Senator for Lauzon, Quebec
- In office 1986–2000
- Appointed by: Brian Mulroney
- Preceded by: Jean-Paul Deschatelets
- Succeeded by: Yves Morin

Personal details
- Born: Michel Benoit Cogger March 21, 1939 Quebec City, Quebec, Canada
- Died: January 27, 2025 (aged 85)
- Party: Progressive Conservative

= Michel Cogger =

Canadian politician (1939–2025)

Michel Benoit Cogger, (March 21, 1939 – January 27, 2025) was a Canadian businessman, lawyer and politician in Quebec who served in the Senate of Canada.

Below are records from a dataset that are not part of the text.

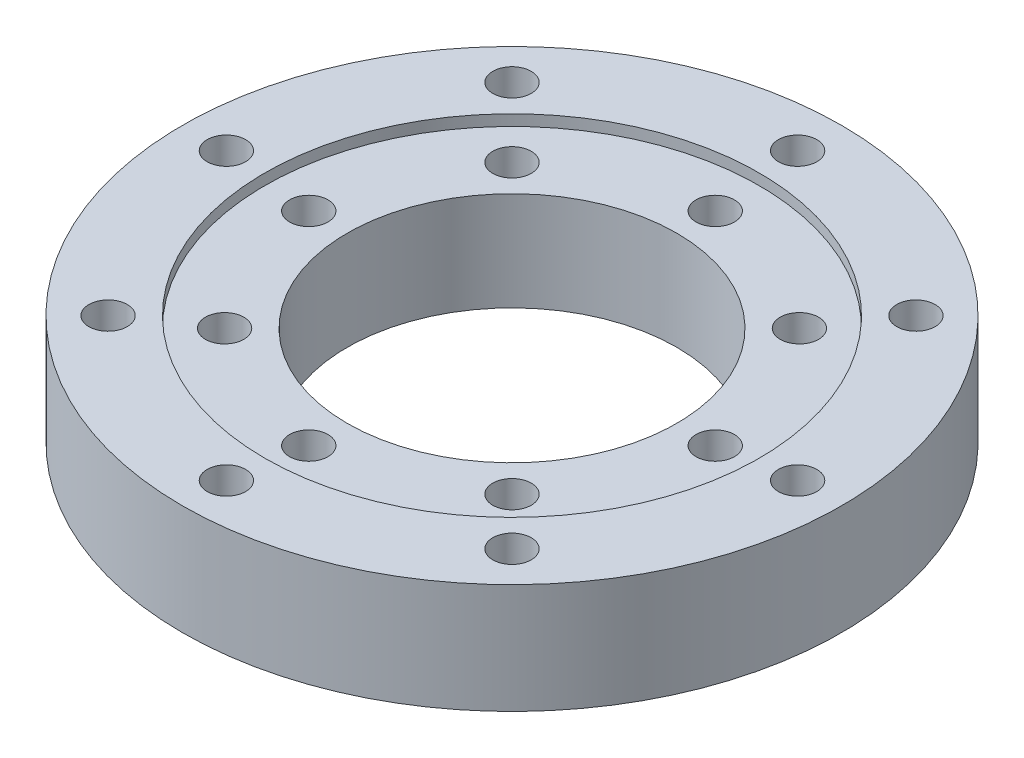
ISO-10303-21;
HEADER;
FILE_DESCRIPTION(('STEP AP214'),'2;1');
FILE_NAME('part.step','',(''),(''),'','','');
FILE_SCHEMA(('AUTOMOTIVE_DESIGN { 1 0 10303 214 1 1 1 1 }'));
ENDSEC;
DATA;
#1=APPLICATION_CONTEXT('core data for automotive mechanical design processes');
#2=APPLICATION_PROTOCOL_DEFINITION('international standard','automotive_design',2000,#1);
#3=PRODUCT_CONTEXT('',#1,'mechanical');
#4=PRODUCT('Part','Part','',(#3));
#5=PRODUCT_RELATED_PRODUCT_CATEGORY('part','',(#4));
#6=PRODUCT_DEFINITION_FORMATION('','',#4);
#7=PRODUCT_DEFINITION_CONTEXT('part definition',#1,'design');
#8=PRODUCT_DEFINITION('design','',#6,#7);
#9=PRODUCT_DEFINITION_SHAPE('','',#8);
#10=(LENGTH_UNIT() NAMED_UNIT(*) SI_UNIT(.MILLI.,.METRE.));
#11=(NAMED_UNIT(*) PLANE_ANGLE_UNIT() SI_UNIT($,.RADIAN.));
#12=(NAMED_UNIT(*) SI_UNIT($,.STERADIAN.) SOLID_ANGLE_UNIT());
#13=UNCERTAINTY_MEASURE_WITH_UNIT(LENGTH_MEASURE(1.E-05),#10,'distance_accuracy_value','');
#14=(GEOMETRIC_REPRESENTATION_CONTEXT(3) GLOBAL_UNCERTAINTY_ASSIGNED_CONTEXT((#13)) GLOBAL_UNIT_ASSIGNED_CONTEXT((#10,
#11,#12)) REPRESENTATION_CONTEXT('',''));
#15=CARTESIAN_POINT('',(0.,0.,0.));
#16=DIRECTION('',(0.,0.,1.));
#17=DIRECTION('',(1.,0.,0.));
#18=AXIS2_PLACEMENT_3D('',#15,#16,#17);
#19=CARTESIAN_POINT('',(0.,0.,0.));
#20=DIRECTION('',(0.,1.,0.));
#21=DIRECTION('',(0.,0.,1.));
#22=AXIS2_PLACEMENT_3D('',#19,#20,#21);
#23=CYLINDRICAL_SURFACE('',#22,15.);
#24=CARTESIAN_POINT('',(0.,0.,0.));
#25=DIRECTION('',(0.,1.,0.));
#26=DIRECTION('',(0.,0.,1.));
#27=AXIS2_PLACEMENT_3D('',#24,#25,#26);
#28=CIRCLE('',#27,15.);
#29=CARTESIAN_POINT('',(0.,0.,15.));
#30=VERTEX_POINT('',#29);
#31=EDGE_CURVE('E58',#30,#30,#28,.T.);
#32=ORIENTED_EDGE('',*,*,#31,.F.);
#33=EDGE_LOOP('',(#32));
#34=FACE_BOUND('',#33,.T.);
#35=CARTESIAN_POINT('',(0.,9.,0.));
#36=DIRECTION('',(0.,1.,0.));
#37=DIRECTION('',(0.,0.,1.));
#38=AXIS2_PLACEMENT_3D('',#35,#36,#37);
#39=CIRCLE('',#38,15.);
#40=CARTESIAN_POINT('',(0.,9.,15.));
#41=VERTEX_POINT('',#40);
#42=EDGE_CURVE('E47',#41,#41,#39,.F.);
#43=ORIENTED_EDGE('',*,*,#42,.F.);
#44=EDGE_LOOP('',(#43));
#45=FACE_BOUND('',#44,.T.);
#46=ADVANCED_FACE('F43',(#34,#45),#23,.F.);
#47=CARTESIAN_POINT('',(0.,10.,0.));
#48=DIRECTION('',(0.,-1.,0.));
#49=DIRECTION('',(0.,0.,-1.));
#50=AXIS2_PLACEMENT_3D('',#47,#48,#49);
#51=CYLINDRICAL_SURFACE('',#50,30.);
#52=CARTESIAN_POINT('',(0.,10.,0.));
#53=DIRECTION('',(0.,1.,0.));
#54=DIRECTION('',(0.,0.,1.));
#55=AXIS2_PLACEMENT_3D('',#52,#53,#54);
#56=CIRCLE('',#55,30.);
#57=CARTESIAN_POINT('',(0.,10.,30.));
#58=VERTEX_POINT('',#57);
#59=EDGE_CURVE('E10',#58,#58,#56,.T.);
#60=ORIENTED_EDGE('',*,*,#59,.F.);
#61=EDGE_LOOP('',(#60));
#62=FACE_BOUND('',#61,.T.);
#63=CARTESIAN_POINT('',(0.,0.,0.));
#64=DIRECTION('',(0.,1.,0.));
#65=DIRECTION('',(0.,0.,1.));
#66=AXIS2_PLACEMENT_3D('',#63,#64,#65);
#67=CIRCLE('',#66,30.);
#68=CARTESIAN_POINT('',(0.,0.,30.));
#69=VERTEX_POINT('',#68);
#70=EDGE_CURVE('E52',#69,#69,#67,.T.);
#71=ORIENTED_EDGE('',*,*,#70,.T.);
#72=EDGE_LOOP('',(#71));
#73=FACE_BOUND('',#72,.T.);
#74=ADVANCED_FACE('F45',(#62,#73),#51,.T.);
#75=CARTESIAN_POINT('',(0.,10.,0.));
#76=DIRECTION('',(0.,1.,0.));
#77=DIRECTION('',(0.,0.,1.));
#78=AXIS2_PLACEMENT_3D('',#75,#76,#77);
#79=PLANE('',#78);
#80=CARTESIAN_POINT('',(-26.,10.,0.));
#81=DIRECTION('',(0.,1.,0.));
#82=DIRECTION('',(1.,0.,0.));
#83=AXIS2_PLACEMENT_3D('',#80,#81,#82);
#84=CIRCLE('',#83,1.75);
#85=CARTESIAN_POINT('',(-24.25,10.,0.));
#86=VERTEX_POINT('',#85);
#87=EDGE_CURVE('E177',#86,#86,#84,.T.);
#88=ORIENTED_EDGE('',*,*,#87,.F.);
#89=EDGE_LOOP('',(#88));
#90=FACE_BOUND('',#89,.T.);
#91=CARTESIAN_POINT('',(-18.3847763108501,10.,18.3847763108503));
#92=DIRECTION('',(0.,1.,0.));
#93=DIRECTION('',(0.707106781186544,0.,-0.707106781186551));
#94=AXIS2_PLACEMENT_3D('',#91,#92,#93);
#95=CIRCLE('',#94,1.75);
#96=CARTESIAN_POINT('',(-17.1473394437737,10.,17.1473394437739));
#97=VERTEX_POINT('',#96);
#98=EDGE_CURVE('E169',#97,#97,#95,.T.);
#99=ORIENTED_EDGE('',*,*,#98,.F.);
#100=EDGE_LOOP('',(#99));
#101=FACE_BOUND('',#100,.T.);
#102=CARTESIAN_POINT('',(0.,10.,26.));
#103=DIRECTION('',(0.,1.,0.));
#104=DIRECTION('',(0.,0.,-1.));
#105=AXIS2_PLACEMENT_3D('',#102,#103,#104);
#106=CIRCLE('',#105,1.75);
#107=CARTESIAN_POINT('',(0.,10.,24.25));
#108=VERTEX_POINT('',#107);
#109=EDGE_CURVE('E161',#108,#108,#106,.T.);
#110=ORIENTED_EDGE('',*,*,#109,.F.);
#111=EDGE_LOOP('',(#110));
#112=FACE_BOUND('',#111,.T.);
#113=CARTESIAN_POINT('',(18.3847763108504,10.,18.3847763108501));
#114=DIRECTION('',(0.,1.,0.));
#115=DIRECTION('',(-0.707106781186554,0.,-0.707106781186541));
#116=AXIS2_PLACEMENT_3D('',#113,#114,#115);
#117=CIRCLE('',#116,1.75);
#118=CARTESIAN_POINT('',(17.1473394437739,10.,17.1473394437736));
#119=VERTEX_POINT('',#118);
#120=EDGE_CURVE('E152',#119,#119,#117,.T.);
#121=ORIENTED_EDGE('',*,*,#120,.F.);
#122=EDGE_LOOP('',(#121));
#123=FACE_BOUND('',#122,.T.);
#124=CARTESIAN_POINT('',(26.,10.,-2.72335544429764E-13));
#125=DIRECTION('',(0.,1.,0.));
#126=DIRECTION('',(-1.,0.,0.));
#127=AXIS2_PLACEMENT_3D('',#124,#125,#126);
#128=CIRCLE('',#127,1.75);
#129=CARTESIAN_POINT('',(24.25,10.,-2.54005267400838E-13));
#130=VERTEX_POINT('',#129);
#131=EDGE_CURVE('E192',#130,#130,#128,.T.);
#132=ORIENTED_EDGE('',*,*,#131,.F.);
#133=EDGE_LOOP('',(#132));
#134=FACE_BOUND('',#133,.T.);
#135=CARTESIAN_POINT('',(18.38477631085,10.,-18.3847763108505));
#136=DIRECTION('',(0.,1.,0.));
#137=DIRECTION('',(-0.707106781186539,0.,0.707106781186556));
#138=AXIS2_PLACEMENT_3D('',#135,#136,#137);
#139=CIRCLE('',#138,1.75);
#140=CARTESIAN_POINT('',(17.1473394437736,10.,-17.147339443774));
#141=VERTEX_POINT('',#140);
#142=EDGE_CURVE('E184',#141,#141,#139,.T.);
#143=ORIENTED_EDGE('',*,*,#142,.F.);
#144=EDGE_LOOP('',(#143));
#145=FACE_BOUND('',#144,.T.);
#146=CARTESIAN_POINT('',(-18.3847763108503,10.,-18.3847763108502));
#147=DIRECTION('',(0.,1.,0.));
#148=DIRECTION('',(0.707106781186549,0.,0.707106781186546));
#149=AXIS2_PLACEMENT_3D('',#146,#147,#148);
#150=CIRCLE('',#149,1.75);
#151=CARTESIAN_POINT('',(-17.1473394437738,10.,-17.1473394437737));
#152=VERTEX_POINT('',#151);
#153=EDGE_CURVE('E144',#152,#152,#150,.T.);
#154=ORIENTED_EDGE('',*,*,#153,.F.);
#155=EDGE_LOOP('',(#154));
#156=FACE_BOUND('',#155,.T.);
#157=CARTESIAN_POINT('',(0.,10.,-26.));
#158=DIRECTION('',(0.,1.,0.));
#159=DIRECTION('',(0.,0.,1.));
#160=AXIS2_PLACEMENT_3D('',#157,#158,#159);
#161=CIRCLE('',#160,1.75);
#162=CARTESIAN_POINT('',(0.,10.,-24.25));
#163=VERTEX_POINT('',#162);
#164=EDGE_CURVE('E136',#163,#163,#161,.T.);
#165=ORIENTED_EDGE('',*,*,#164,.F.);
#166=EDGE_LOOP('',(#165));
#167=FACE_BOUND('',#166,.T.);
#168=CARTESIAN_POINT('',(0.,10.,0.));
#169=DIRECTION('',(0.,1.,0.));
#170=DIRECTION('',(0.,0.,1.));
#171=AXIS2_PLACEMENT_3D('',#168,#169,#170);
#172=CIRCLE('',#171,22.5);
#173=CARTESIAN_POINT('',(0.,10.,22.5));
#174=VERTEX_POINT('',#173);
#175=EDGE_CURVE('E63',#174,#174,#172,.T.);
#176=ORIENTED_EDGE('',*,*,#175,.F.);
#177=EDGE_LOOP('',(#176));
#178=FACE_BOUND('',#177,.T.);
#179=ORIENTED_EDGE('',*,*,#59,.T.);
#180=EDGE_LOOP('',(#179));
#181=FACE_BOUND('',#180,.T.);
#182=ADVANCED_FACE('F211',(#90,#101,#112,#123,#134,#145,#156,#167,#178,#181),#79,.T.);
#183=CARTESIAN_POINT('',(0.,0.,0.));
#184=DIRECTION('',(0.,1.,0.));
#185=DIRECTION('',(0.,0.,1.));
#186=AXIS2_PLACEMENT_3D('',#183,#184,#185);
#187=PLANE('',#186);
#188=CARTESIAN_POINT('',(-26.,0.,0.));
#189=DIRECTION('',(0.,1.,0.));
#190=DIRECTION('',(1.,0.,0.));
#191=AXIS2_PLACEMENT_3D('',#188,#189,#190);
#192=CIRCLE('',#191,1.75);
#193=CARTESIAN_POINT('',(-24.25,0.,0.));
#194=VERTEX_POINT('',#193);
#195=EDGE_CURVE('E148',#194,#194,#192,.T.);
#196=ORIENTED_EDGE('',*,*,#195,.T.);
#197=EDGE_LOOP('',(#196));
#198=FACE_BOUND('',#197,.T.);
#199=CARTESIAN_POINT('',(-18.3847763108501,0.,18.3847763108503));
#200=DIRECTION('',(0.,1.,0.));
#201=DIRECTION('',(0.707106781186544,0.,-0.707106781186551));
#202=AXIS2_PLACEMENT_3D('',#199,#200,#201);
#203=CIRCLE('',#202,1.75);
#204=CARTESIAN_POINT('',(-17.1473394437737,0.,17.1473394437739));
#205=VERTEX_POINT('',#204);
#206=EDGE_CURVE('E173',#205,#205,#203,.T.);
#207=ORIENTED_EDGE('',*,*,#206,.T.);
#208=EDGE_LOOP('',(#207));
#209=FACE_BOUND('',#208,.T.);
#210=CARTESIAN_POINT('',(0.,0.,26.));
#211=DIRECTION('',(0.,1.,0.));
#212=DIRECTION('',(0.,0.,-1.));
#213=AXIS2_PLACEMENT_3D('',#210,#211,#212);
#214=CIRCLE('',#213,1.75);
#215=CARTESIAN_POINT('',(0.,0.,24.25));
#216=VERTEX_POINT('',#215);
#217=EDGE_CURVE('E165',#216,#216,#214,.T.);
#218=ORIENTED_EDGE('',*,*,#217,.T.);
#219=EDGE_LOOP('',(#218));
#220=FACE_BOUND('',#219,.T.);
#221=CARTESIAN_POINT('',(18.3847763108504,0.,18.3847763108501));
#222=DIRECTION('',(0.,1.,0.));
#223=DIRECTION('',(-0.707106781186554,0.,-0.707106781186541));
#224=AXIS2_PLACEMENT_3D('',#221,#222,#223);
#225=CIRCLE('',#224,1.75);
#226=CARTESIAN_POINT('',(17.1473394437739,0.,17.1473394437736));
#227=VERTEX_POINT('',#226);
#228=EDGE_CURVE('E156',#227,#227,#225,.T.);
#229=ORIENTED_EDGE('',*,*,#228,.T.);
#230=EDGE_LOOP('',(#229));
#231=FACE_BOUND('',#230,.T.);
#232=CARTESIAN_POINT('',(26.,0.,-2.72335544429764E-13));
#233=DIRECTION('',(0.,1.,0.));
#234=DIRECTION('',(-1.,0.,0.));
#235=AXIS2_PLACEMENT_3D('',#232,#233,#234);
#236=CIRCLE('',#235,1.75);
#237=CARTESIAN_POINT('',(24.25,0.,-2.54005267400838E-13));
#238=VERTEX_POINT('',#237);
#239=EDGE_CURVE('E157',#238,#238,#236,.T.);
#240=ORIENTED_EDGE('',*,*,#239,.T.);
#241=EDGE_LOOP('',(#240));
#242=FACE_BOUND('',#241,.T.);
#243=CARTESIAN_POINT('',(18.38477631085,0.,-18.3847763108505));
#244=DIRECTION('',(0.,1.,0.));
#245=DIRECTION('',(-0.707106781186539,0.,0.707106781186556));
#246=AXIS2_PLACEMENT_3D('',#243,#244,#245);
#247=CIRCLE('',#246,1.75);
#248=CARTESIAN_POINT('',(17.1473394437736,0.,-17.147339443774));
#249=VERTEX_POINT('',#248);
#250=EDGE_CURVE('E188',#249,#249,#247,.T.);
#251=ORIENTED_EDGE('',*,*,#250,.T.);
#252=EDGE_LOOP('',(#251));
#253=FACE_BOUND('',#252,.T.);
#254=CARTESIAN_POINT('',(-18.3847763108503,0.,-18.3847763108502));
#255=DIRECTION('',(0.,1.,0.));
#256=DIRECTION('',(0.707106781186549,0.,0.707106781186546));
#257=AXIS2_PLACEMENT_3D('',#254,#255,#256);
#258=CIRCLE('',#257,1.75);
#259=CARTESIAN_POINT('',(-17.1473394437738,0.,-17.1473394437737));
#260=VERTEX_POINT('',#259);
#261=EDGE_CURVE('E140',#260,#260,#258,.T.);
#262=ORIENTED_EDGE('',*,*,#261,.T.);
#263=EDGE_LOOP('',(#262));
#264=FACE_BOUND('',#263,.T.);
#265=CARTESIAN_POINT('',(0.,0.,-26.));
#266=DIRECTION('',(0.,1.,0.));
#267=DIRECTION('',(0.,0.,1.));
#268=AXIS2_PLACEMENT_3D('',#265,#266,#267);
#269=CIRCLE('',#268,1.75);
#270=CARTESIAN_POINT('',(0.,0.,-24.25));
#271=VERTEX_POINT('',#270);
#272=EDGE_CURVE('E125',#271,#271,#269,.T.);
#273=ORIENTED_EDGE('',*,*,#272,.T.);
#274=EDGE_LOOP('',(#273));
#275=FACE_BOUND('',#274,.T.);
#276=CARTESIAN_POINT('',(-18.5,0.,0.));
#277=DIRECTION('',(0.,1.,0.));
#278=DIRECTION('',(1.,0.,0.));
#279=AXIS2_PLACEMENT_3D('',#276,#277,#278);
#280=CIRCLE('',#279,1.75);
#281=CARTESIAN_POINT('',(-16.75,0.,0.));
#282=VERTEX_POINT('',#281);
#283=EDGE_CURVE('E84',#282,#282,#280,.T.);
#284=ORIENTED_EDGE('',*,*,#283,.T.);
#285=EDGE_LOOP('',(#284));
#286=FACE_BOUND('',#285,.T.);
#287=CARTESIAN_POINT('',(-13.0814754519511,0.,13.0814754519512));
#288=DIRECTION('',(0.,1.,0.));
#289=DIRECTION('',(0.707106781186544,0.,-0.707106781186551));
#290=AXIS2_PLACEMENT_3D('',#287,#288,#289);
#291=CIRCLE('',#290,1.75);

Cogger was a senior political advisor to and fundraiser for Progressive Conservative prime minister Brian Mulroney and helped run the party's campaigns in Quebec in the 1984 and 1988 federal elections in which the Tories swept the province.

==Early life==
Cogger attended law school at Laval University in the 1960s, where he became friends with Mulroney. The two were among a group of students who organized the Congrès des affaires canadiennes.

==Career==
Cogger was campaign manager during Mulroney's bid to win the 1976 Progressive Conservative leadership convention as well as the successful campaign which forced Joe Clark to call a 1983 leadership convention.

In 1986, Muroney named Cogger to the Senate. In 1991, the Royal Canadian Mounted Police laid influence peddling charges alleging that Cogger had taken payments from businessman Guy Montpetit in exchange for the use of Cogger's influence to win government grants and contacts. Cogger was acquitted in 1993 but in 1997 the Supreme Court of Canada ordered a new trial which led to Cogger's conviction in 1998. He was fined $3,000, put on 12 months' probation and ordered to do 120 hours of community service. Cogger successfully appealed the sentence which was substituted by an absolute discharge in 2001.

In September 2000, Cogger resigned from the Senate. He had been largely absent from the upper house during his legal battles and was fined a total of $23,250 for missing sessions.

==Death==
Cogger died on January 27, 2025, at the age of 85.